Grafana’s Terraform provider can create the Prometheus data source and the dashboard, but it does not replicate the UI import step where you pick a data source from a dropdown. The dashboard JSON must already reference a data source that exists in Grafana (usually by uid in each panel’s datasource block). In practice you either:

  • Set a known uid on grafana_data_source and edit the downloaded JSON once so panels use that UID, or
  • Keep your exported JSON unchanged and use Terraform’s replace() to substitute the UID string embedded in the file with the UID of the data source you manage (shown below).
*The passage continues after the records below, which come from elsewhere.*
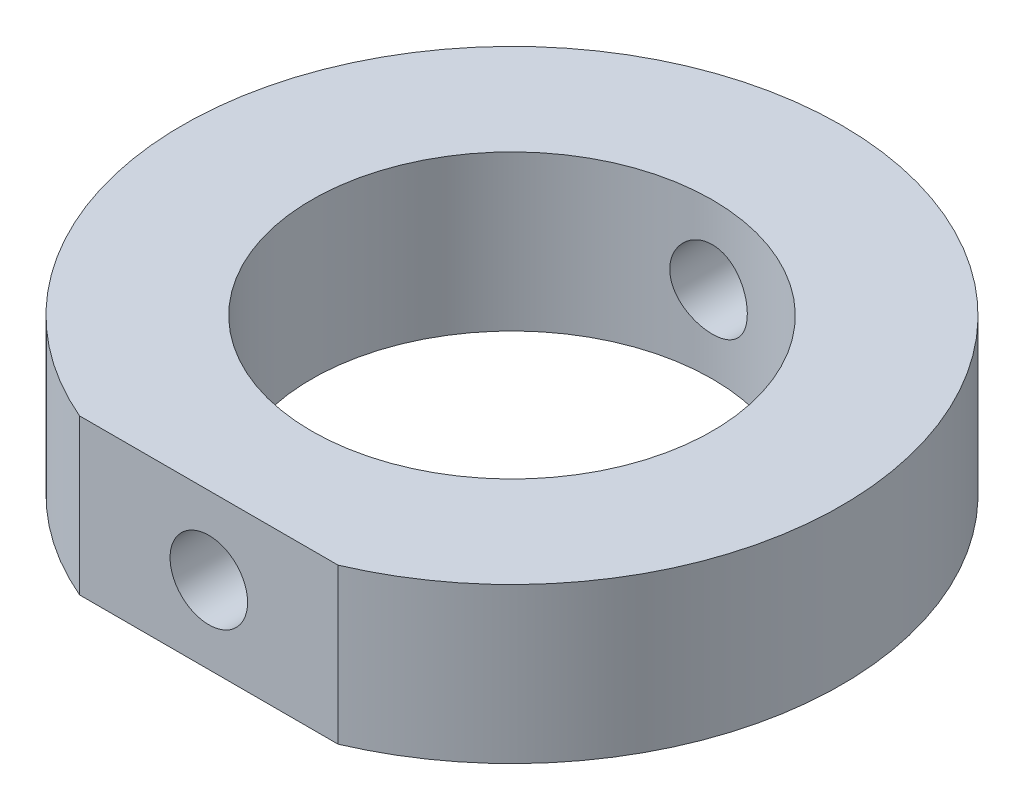
ISO-10303-21;
HEADER;
FILE_DESCRIPTION(('STEP AP214'),'2;1');
FILE_NAME('part.step','',(''),(''),'','','');
FILE_SCHEMA(('AUTOMOTIVE_DESIGN { 1 0 10303 214 1 1 1 1 }'));
ENDSEC;
DATA;
#1=APPLICATION_CONTEXT('core data for automotive mechanical design processes');
#2=APPLICATION_PROTOCOL_DEFINITION('international standard','automotive_design',2000,#1);
#3=PRODUCT_CONTEXT('',#1,'mechanical');
#4=PRODUCT('Part','Part','',(#3));
#5=PRODUCT_RELATED_PRODUCT_CATEGORY('part','',(#4));
#6=PRODUCT_DEFINITION_FORMATION('','',#4);
#7=PRODUCT_DEFINITION_CONTEXT('part definition',#1,'design');
#8=PRODUCT_DEFINITION('design','',#6,#7);
#9=PRODUCT_DEFINITION_SHAPE('','',#8);
#10=(LENGTH_UNIT() NAMED_UNIT(*) SI_UNIT(.MILLI.,.METRE.));
#11=(NAMED_UNIT(*) PLANE_ANGLE_UNIT() SI_UNIT($,.RADIAN.));
#12=(NAMED_UNIT(*) SI_UNIT($,.STERADIAN.) SOLID_ANGLE_UNIT());
#13=UNCERTAINTY_MEASURE_WITH_UNIT(LENGTH_MEASURE(1.E-05),#10,'distance_accuracy_value','');
#14=(GEOMETRIC_REPRESENTATION_CONTEXT(3) GLOBAL_UNCERTAINTY_ASSIGNED_CONTEXT((#13)) GLOBAL_UNIT_ASSIGNED_CONTEXT((#10,
#11,#12)) REPRESENTATION_CONTEXT('',''));
#15=CARTESIAN_POINT('',(0.,0.,0.));
#16=DIRECTION('',(0.,0.,1.));
#17=DIRECTION('',(1.,0.,0.));
#18=AXIS2_PLACEMENT_3D('',#15,#16,#17);
#19=CARTESIAN_POINT('',(0.,6.,0.));
#20=DIRECTION('',(0.,-1.,0.));
#21=DIRECTION('',(0.,0.,-1.));
#22=AXIS2_PLACEMENT_3D('',#19,#20,#21);
#23=PLANE('',#22);
#24=CARTESIAN_POINT('',(0.,6.,0.));
#25=DIRECTION('',(0.,1.,0.));
#26=DIRECTION('',(0.,0.,-1.));
#27=AXIS2_PLACEMENT_3D('',#24,#25,#26);
#28=CIRCLE('',#27,12.75);
#29=CARTESIAN_POINT('',(5.,6.,11.7287041057399));
#30=VERTEX_POINT('',#29);
#31=CARTESIAN_POINT('',(-5.,6.,11.7287041057399));
#32=VERTEX_POINT('',#31);
#33=EDGE_CURVE('E86',#30,#32,#28,.T.);
#34=ORIENTED_EDGE('',*,*,#33,.T.);
#35=DIRECTION('',(1.,0.,0.));
#36=VECTOR('',#35,1.);
#37=CARTESIAN_POINT('',(-5.,6.,11.7287041057399));
#38=LINE('',#37,#36);
#39=EDGE_CURVE('E70',#32,#30,#38,.T.);
#40=ORIENTED_EDGE('',*,*,#39,.T.);
#41=EDGE_LOOP('',(#34,#40));
#42=FACE_BOUND('',#41,.T.);
#43=CARTESIAN_POINT('',(0.,6.,0.));
#44=DIRECTION('',(0.,1.,0.));
#45=DIRECTION('',(0.,0.,1.));
#46=AXIS2_PLACEMENT_3D('',#43,#44,#45);
#47=CIRCLE('',#46,7.75);
#48=CARTESIAN_POINT('',(0.,6.,7.75));
#49=VERTEX_POINT('',#48);
#50=EDGE_CURVE('E95',#49,#49,#47,.T.);
#51=ORIENTED_EDGE('',*,*,#50,.F.);
#52=EDGE_LOOP('',(#51));
#53=FACE_BOUND('',#52,.T.);
#54=ADVANCED_FACE('F45',(#42,#53),#23,.F.);
#55=CARTESIAN_POINT('',(0.,0.,0.));
#56=DIRECTION('',(0.,-1.,0.));
#57=DIRECTION('',(0.,0.,-1.));
#58=AXIS2_PLACEMENT_3D('',#55,#56,#57);
#59=PLANE('',#58);
#60=CARTESIAN_POINT('',(0.,0.,0.));
#61=DIRECTION('',(0.,1.,0.));
#62=DIRECTION('',(0.,0.,-1.));
#63=AXIS2_PLACEMENT_3D('',#60,#61,#62);
#64=CIRCLE('',#63,12.75);
#65=CARTESIAN_POINT('',(5.,0.,11.7287041057399));
#66=VERTEX_POINT('',#65);
#67=CARTESIAN_POINT('',(-5.,0.,11.7287041057399));
#68=VERTEX_POINT('',#67);
#69=EDGE_CURVE('E87',#66,#68,#64,.T.);
#70=ORIENTED_EDGE('',*,*,#69,.F.);
#71=DIRECTION('',(1.,0.,0.));
#72=VECTOR('',#71,1.);
#73=CARTESIAN_POINT('',(-5.,0.,11.7287041057399));
#74=LINE('',#73,#72);
#75=EDGE_CURVE('E78',#68,#66,#74,.T.);
#76=ORIENTED_EDGE('',*,*,#75,.F.);
#77=EDGE_LOOP('',(#70,#76));
#78=FACE_BOUND('',#77,.T.);
#79=CARTESIAN_POINT('',(0.,0.,0.));
#80=DIRECTION('',(0.,1.,0.));
#81=DIRECTION('',(0.,0.,1.));
#82=AXIS2_PLACEMENT_3D('',#79,#80,#81);
#83=CIRCLE('',#82,7.75);
#84=CARTESIAN_POINT('',(0.,0.,7.75));
#85=VERTEX_POINT('',#84);
#86=EDGE_CURVE('E99',#85,#85,#83,.T.);
#87=ORIENTED_EDGE('',*,*,#86,.T.);
#88=EDGE_LOOP('',(#87));
#89=FACE_BOUND('',#88,.T.);
#90=ADVANCED_FACE('F92',(#78,#89),#59,.T.);
#91=CARTESIAN_POINT('',(0.,6.,0.));
#92=DIRECTION('',(0.,-1.,0.));
#93=DIRECTION('',(0.,0.,-1.));
#94=AXIS2_PLACEMENT_3D('',#91,#92,#93);
#95=CYLINDRICAL_SURFACE('',#94,12.75);
#96=CARTESIAN_POINT('',(0.,1.5,-12.75));
#97=CARTESIAN_POINT('',(0.0839445238017769,1.50000358968787,-12.7499988863998));
#98=CARTESIAN_POINT('',(0.167942470163587,1.50707043173212,-12.7491622059457));
#99=CARTESIAN_POINT('',(0.333603720017564,1.53515144231694,-12.74590499263));
#100=CARTESIAN_POINT('',(0.415264446886993,1.55618042878211,-12.7434827770899));
#101=CARTESIAN_POINT('',(0.573828777464401,1.61155994331746,-12.7373275435105));
#102=CARTESIAN_POINT('',(0.650735441768553,1.64590179498285,-12.7335953793546));
#103=CARTESIAN_POINT('',(0.797678339972702,1.72691387258974,-12.7252360454028));
#104=CARTESIAN_POINT('',(0.867715808463592,1.77358187758043,-12.7206090368819));
#105=CARTESIAN_POINT('',(0.99929086233086,1.87816638509886,-12.7109517928896));
#106=CARTESIAN_POINT('',(1.06078994573301,1.93613117612404,-12.7059198828822));
#107=CARTESIAN_POINT('',(1.17321109755621,2.0615603215165,-12.6960335724401));
#108=CARTESIAN_POINT('',(1.224132643315,2.12902514502759,-12.6911791807867));
#109=CARTESIAN_POINT('',(1.31409465484568,2.27178686024288,-12.6821809090172));
#110=CARTESIAN_POINT('',(1.3530994028419,2.34710640698438,-12.6780391808357));
#111=CARTESIAN_POINT('',(1.41789253518226,2.50328336365698,-12.6709569272581));
#112=CARTESIAN_POINT('',(1.44368136485536,2.58414058688419,-12.6680163613879));
#113=CARTESIAN_POINT('',(1.4811944199708,2.74869991374292,-12.6636851530451));
#114=CARTESIAN_POINT('',(1.49298334554177,2.83238707745297,-12.662287382723));
#115=CARTESIAN_POINT('',(1.50236208892495,3.00056284546421,-12.6611781333382));
#116=CARTESIAN_POINT('',(1.49995241481201,3.08505142098012,-12.6614665939364));
#117=CARTESIAN_POINT('',(1.48105553765642,3.2519823500222,-12.6636906931516));
#118=CARTESIAN_POINT('',(1.4646394043017,3.33443287525134,-12.6656180159087));
#119=CARTESIAN_POINT('',(1.41830639263226,3.49540056102071,-12.6708897060061));
#120=CARTESIAN_POINT('',(1.38838926944282,3.57391765018937,-12.6742340990486));
#121=CARTESIAN_POINT('',(1.3158264763494,3.72501161794973,-12.6819725804852));
#122=CARTESIAN_POINT('',(1.27314971803356,3.79757342997342,-12.6863692273787));
#123=CARTESIAN_POINT('',(1.17630136070668,3.93453205552891,-12.695714796948));
#124=CARTESIAN_POINT('',(1.12212929576825,3.99892853793477,-12.7006637420056));
#125=CARTESIAN_POINT('',(1.00343322690704,4.11814118716693,-12.7105932908786));
#126=CARTESIAN_POINT('',(0.938847926412598,4.17289634082805,-12.7155739031702));
#127=CARTESIAN_POINT('',(0.801370343056217,4.27079766100761,-12.7249771989112));
#128=CARTESIAN_POINT('',(0.728478044572468,4.3139438056941,-12.7293998813114));
#129=CARTESIAN_POINT('',(0.576410071646914,4.38740160066974,-12.7371913118727));
#130=CARTESIAN_POINT('',(0.497232646746879,4.41770966045214,-12.7405597651223));
#131=CARTESIAN_POINT('',(0.334864099663829,4.46458369808535,-12.7458604426276));
#132=CARTESIAN_POINT('',(0.251673143970352,4.4811502454447,-12.7477927264041));
#133=CARTESIAN_POINT('',(0.0841668293733031,4.49999244834819,-12.7499956438523));
#134=CARTESIAN_POINT('',(-0.000138946641102072,4.50235219804915,-12.750276055223));
#135=CARTESIAN_POINT('',(-0.167944751818134,4.49293541256864,-12.7491699754329));
#136=CARTESIAN_POINT('',(-0.251444796110695,4.48115914335441,-12.747783515634));
#137=CARTESIAN_POINT('',(-0.415022458911957,4.44387443839986,-12.7435056127914));
#138=CARTESIAN_POINT('',(-0.495109288820112,4.41840587144105,-12.7406185399892));
#139=CARTESIAN_POINT('',(-0.649874743903773,4.35450082818682,-12.7336628348918));
#140=CARTESIAN_POINT('',(-0.724553204671253,4.31606395787112,-12.7295941666962));
#141=CARTESIAN_POINT('',(-0.866759123025255,4.22710831778111,-12.7207049523328));
#142=CARTESIAN_POINT('',(-0.934252169210274,4.17653487948445,-12.7158810393999));
#143=CARTESIAN_POINT('',(-1.05982183694368,4.06481936695087,-12.7060321235032));
#144=CARTESIAN_POINT('',(-1.11789812863895,4.00367692265433,-12.7010071135029));
#145=CARTESIAN_POINT('',(-1.22328206862583,3.87218966579649,-12.6912924167809));
#146=CARTESIAN_POINT('',(-1.27053414492072,3.80180016043869,-12.6866045417088));
#147=CARTESIAN_POINT('',(-1.35254502918872,3.65403487361152,-12.678124032712));
#148=CARTESIAN_POINT('',(-1.38730406313073,3.57665921853638,-12.6743313825954));
#149=CARTESIAN_POINT('',(-1.44325123543802,3.4173009128721,-12.6680828015291));
#150=CARTESIAN_POINT('',(-1.46447125296069,3.3353295825964,-12.6656237325762));
#151=CARTESIAN_POINT('',(-1.49284095573644,3.16895654684123,-12.6623115270215));
#152=CARTESIAN_POINT('',(-1.49999121512984,3.08455494067589,-12.6614583248896));
#153=CARTESIAN_POINT('',(-1.50000871531396,2.91626987777497,-12.6614562076871));
#154=CARTESIAN_POINT('',(-1.49296325449793,2.83238641677722,-12.662296875945));
#155=CARTESIAN_POINT('',(-1.46497359599684,2.66700436588238,-12.6655654420645));
#156=CARTESIAN_POINT('',(-1.44402939180228,2.58550577710227,-12.6679933406696));
#157=CARTESIAN_POINT('',(-1.38886308611661,2.42721502791031,-12.6741596896421));
#158=CARTESIAN_POINT('',(-1.35464468084386,2.35042156423695,-12.6778977751583));
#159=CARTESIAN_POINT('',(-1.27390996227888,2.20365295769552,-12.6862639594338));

Store the dashboard JSON in your repository (for example dashboards/nomad-15764.json) and manage Grafana resources with Terraform:

terraform {
  required_providers {
    grafana = {
      source  = "grafana/grafana"
      version = "~> 3.0"
    }
  }
}

provider "grafana" {
  url  = var.grafana_url
  auth = "${var.grafana_user}:${var.grafana_password}"
}

resource "grafana_data_source" "prometheus" {
  uid  = var.prometheus_datasource_uid
  type = "prometheus"
  name = "Ametnes Prometheus"
  url  = var.prometheus_url

  basic_auth            = true
  basic_auth_username   = var.prometheus_user
  secure_json_data_encoded = jsonencode({
    basicAuthPassword = var.prometheus_password
  })
}

resource "grafana_dashboard" "nomad" {
  depends_on = [grafana_data_source.prometheus]

  config_json = replace(
    file("${path.module}/dashboards/nomad-15764.json"),
    var.nomad_dashboard_embedded_prometheus_uid,
    grafana_data_source.prometheus.uid
  )
  overwrite = true
}

variable "grafana_url" {
  type = string
}

variable "grafana_user" {
  type = string
}

variable "grafana_password" {
  type      = string
  sensitive = true
}

variable "prometheus_url" {
  type = string
}

variable "prometheus_user" {
  type = string
}

variable "prometheus_password" {
  type      = string
  sensitive = true
}

variable "prometheus_datasource_uid" {
  type        = string
  description = "Stable UID for the Prometheus data source in Grafana (panels in the dashboard JSON should end up referencing this value)."
  default     = "ametnes-prometheus"
}

variable "nomad_dashboard_embedded_prometheus_uid" {
  type        = string
  description = "The Prometheus datasource `uid` string already present in the downloaded dashboard JSON (inspect the file; community exports often repeat the same UID in each panel)."
}

Other workloads#

For application metrics that use a standard Prometheus scrape path (not Nomad’s /v1/metrics), add another scrape_configs entry in the collector (or a separate agent) with the correct metrics_path and targets.

Validation checklist#

  • curl to 127.0.0.1:4646 shows nomad_* series locally.
  • Remote Ametnes Prometheus /api/v1/query returns data for nomad_client_allocations_blocked.
  • The imported Nomad dashboard shows panels after label/job alignment.